Mermaid on the Rocks


she will not remember

this morning tomorrow

she will not remember

in her Ambien daze

she became a mermaid

her legs fused

her flopping on tile floor

in hall out of water

and crying

her eyes closed

her tangled hair

spreading like kelp

around her head

a presence over her

hovering

hands peel back her skin

without pain

and prize her one leg into two

then roll skin back up her legs

without pain

a voice from above

lift your hips now

she has been caught

transformed again

and she cries more

her naked shoulders

shuddering

against cold tile

her pale breasts

trembling

her head rolling

side to side

on its bed of kelp

tears dropping

from closed eyes

into the rocks

she will not remember

this tomorrow



after that happened to her


after that she became the sound of doors


clunking closed down the hall, a hollow


final distant click-clunk outside the class,


loud but far, something cutting off escape


and sealing air inside to divide her


from all the not her elsewhere in the school



after that she became the sandstone shade


semi gloss painted on the classroom walls


and down the halls, the faintest not at all


brown but not quite white, the color that


disappeared behind announcements and posters,


the color that watched other lives pass by



after that she changed from puppy to cat—


to watcher from window sill, to lurker,


to feline presence that could shrink itself


to box or bag or basket, to close safe


spaces where her stillness could curl itself


and observe the re-runs of daily life



after that she transformed to subsonic


super speed hummingbird's iridescent


flight that darts and disappears in trees,


that retreats in limb shadow and leaf rustle,


that hides itself in sudden shifts, in small


bursts of dusky feathers there then gone



after that she became a stone and sank


right to the bottom, right to the shadows,


where light came as yellowish wavering


ripples that slid across her then let her


disappear again, a rock, silent


and motionless, alone in deep water




Abandon in the Library: A Fantasia


The day the salesman came to demonstrate


advances in cataloging software


and sturdiness of library furniture,


I discovered how my colleague loved tattoos


between hemline and neck, from cuff to cuff,


a female analog to Bradbury’s illustrated man,


and all of hers on that day a single


breathless, athletic story in beautiful,


eye-opening performance, one extended O


of exhilaration, and, before I knew


what came over me, I too was nude,


my birthmark revealed in undulant writhing


glory and on my lips the salty thrill


of Kama Sutra exertions and that tome


we kept behind the circulation desk


was out and on display by special request.

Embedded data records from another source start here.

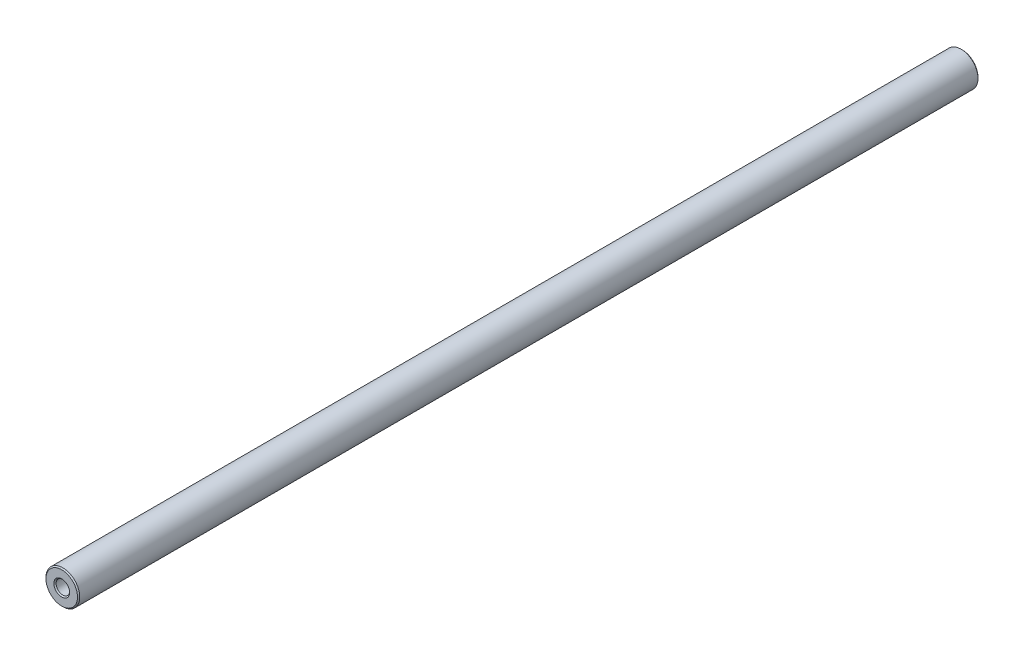
SolidWorks part; units mm, degrees
ref_plane "前视基准面" through (0, 0, 0) normal (0, 0, 1) x (1, 0, 0)
ref_plane "上视基准面" through (0, 0, 0) normal (0, 1, 0) x (1, 0, 0)
ref_plane "右视基准面" through (0, 0, 0) normal (1, 0, 0) x (0, 0, -1)
sketch "Sketch1" plane through (0, 0, 0) normal (0, 0, 1) x (1, 0, 0)
  circle A0 centre (0, 0) radius 3
  dimension "D1" = 6
extrude "Boss-Extrude1" add sketch "Sketch1" along normal blind 160
sketch "Sketch2" plane through (0, 0, 160) normal (0, 0, 1) x (1, 0, 0)
  circle A0 centre (0, 0) radius 1.2
  dimension "D1" = 2.4
extrude "Cut-Extrude1" cut sketch "Sketch2" against normal blind 12
cosmetic thread "Cosmetic Thread1"
sketch "Sketch3" plane through (0, 0, 0) normal (0, 0, -1) x (-1, 0, 0)
  circle A0 centre (0, 0) radius 1.2
  dimension "D1" = 2.4
extrude "Cut-Extrude2" cut sketch "Sketch3" against normal blind 12
cosmetic thread "Cosmetic Thread2"
chamfer "Chamfer1" distance 0.2 angle 45 4 edges at (3, 0, 160) (1.2, 0, 160) (3, 0, 0) (-1.2, 0, 0)
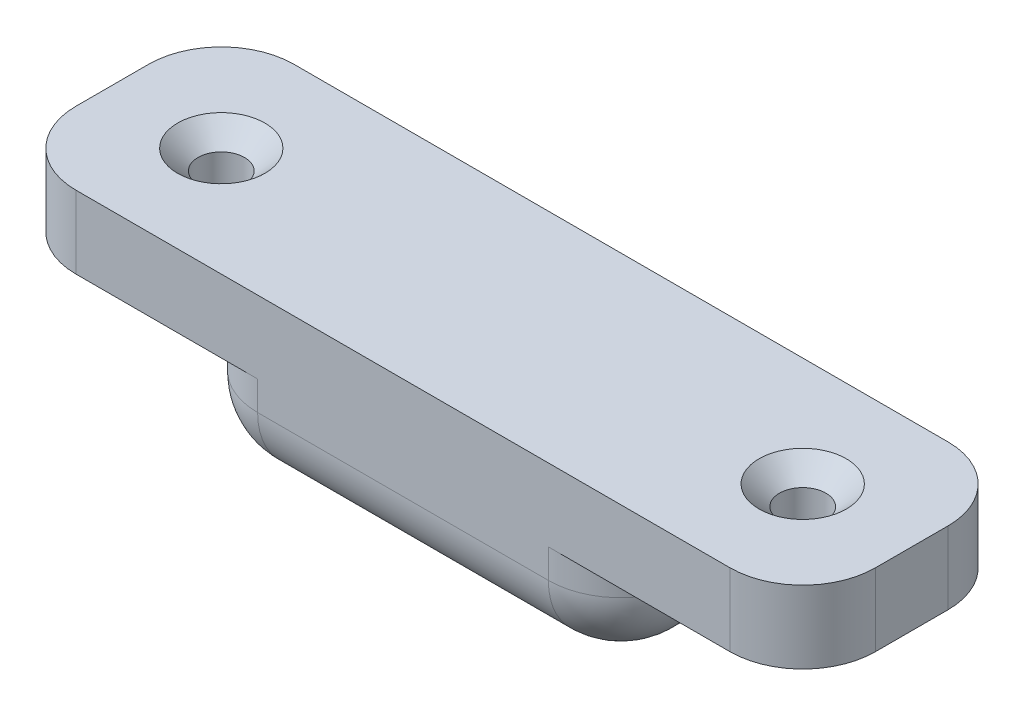
SolidWorks part; units mm, degrees
ref_plane "Plan de face" through (0, 0, 0) normal (0, 0, 1) x (1, 0, 0)
ref_plane "Plan de dessus" through (0, 0, 0) normal (0, 1, 0) x (1, 0, 0)
ref_plane "Plan de droite" through (0, 0, 0) normal (1, 0, 0) x (0, 0, -1)
sketch "Esquisse1" plane through (0, 0, 0) normal (0, 0, 1) x (1, 0, 0)
  line L0 (27.5, 6) -> (-27.5, 6)
  line L1 (-27.5, 6) -> (-27.5, 1)
  line L2 (-27.5, 1) -> (-15, 1)
  line L3 (-15, 1) -> (-15, -6)
  line L4 (-15, -6) -> (15, -6)
  line L5 (0, 6) -> (0, -6) construction
  line L6 (15, 1) -> (15, -6)
  line L7 (27.5, 1) -> (15, 1)
  line L8 (27.5, 6) -> (27.5, 1)
  point P2 (0, 0)
  dimension "D1" = 7
  dimension "D2" = 5
  dimension "D3" = 15
  dimension "D4" = 12.5
extrude "Boss.-Extru.1" add sketch "Esquisse1" along normal blind 15
hole_wizard "Fraisage pour vis à tête fraisée cruciforme M31" positions "Esquisse2" profile "Esquisse3" countersink size "M3" standard "AS" end condition through all
sketch "Esquisse2" plane through (0, 6, 0) normal (0, 1, 0) x (1, 0, 0)
  line L0 (-20, -7.5) -> (20, -7.5)
  line L2 (-27.5, -15) -> (-27.5, 0) construction
  point P0 (-20, -7.5)
  point P2 (20, -7.5)
  point P10 (-27.5, -7.5)
  point P16 (0, -7.5)
  dimension "D1" = 40
sketch "Esquisse3" plane through (-20, 6, 7.5) normal (1, 0, 0) x (0, 0, 1)
  line L0 (0, 0) -> (0, 12)
  line L1 (0, 12) -> (1.6, 12)
  line L2 (1.6, 12) -> (1.6, 1.352)
  line L3 (1.6, 1.352) -> (3, 0)
  line L5 (3, 0) -> (0, 0)
  line L6 (-1.6, 1.352) -> (-3, 0) construction
  line L11 (0, -6.35) -> (0, 107.95) construction
  dimension "Diamètre du perçage jusqu'au prochain" = 3.2
  dimension "Profondeur du perçage jusqu'au prochain" = 12
  dimension "Diamètre du fraisage entrant" = 6
  dimension "Angle du fraisage entrant" = 92
fillet "Congé2" radius 5 12 edges at (-27.5, 3.5, 0) (-27.5, 3.5, 15) (27.5, 3.5, 0) (27.5, 3.5, 15) (15, -2.5, 15) (15, -2.5, 0) (-15, -2.5, 0) (-15, -2.5, 15) (0, -6, 0) (-15, -6, 7.5) (0, -6, 15) (15, -6, 7.5)

We moved together mindfully through poses


like flexible, ardent yoga acolytes,


like acrobats in tantric harmony.


We shushed no one and heard no shushings,


no inhibition’s censorship, no fear


of judgment’s hissing sibilation the day


my love of library science renewed itself


and glowed, a newly translated Dead Sea scroll,


an old truth discovered anew again,


and all the sacred yearnings of the spirit


were embodied most fully and truly


and everywhere was the Library of Congress


and adequate funding was had by all.




Somewhere between Two Bad Places


On the eve of spring our daughter


slipped into darkness one last time


and pulled after her the rosebuds


and last low rain clouds and their rain.


She sighed a thin, exhausted breath


and went, too, a winter weak, tired,


bereft and finally done with gloom,


with frost and fear and windy slice.


She swallowed all the shades of pink


from hint of blush to sunset streak.


She folded all her dreams (and ours)


like childhood clothes she had outgrown


and could not wear. We watched her pack


those dreams (and some unrealistic hopes)


in dark green garbage bags for us


to haul to St. Vincent de Paul’s


donation center when she went.


Now, when we see someone like our


daughter dressed, she flickers somewhere


between jealousy and regret.


 

Cecil Morris retired after 37 years of teaching high school English, and now he tries writing himself what he spent so many years teaching others to understand and (he hopes) to enjoy. He has been trying to learn the names of all the birds that visit the yard he shares with his patient partner, the mother of their children. He has poems appearing or forthcoming in The Ekphrastic Review, New Verse News, Rust + Moth, The Sugar House Review, Willawaw Journal, and elsewhere.





and elsewhere.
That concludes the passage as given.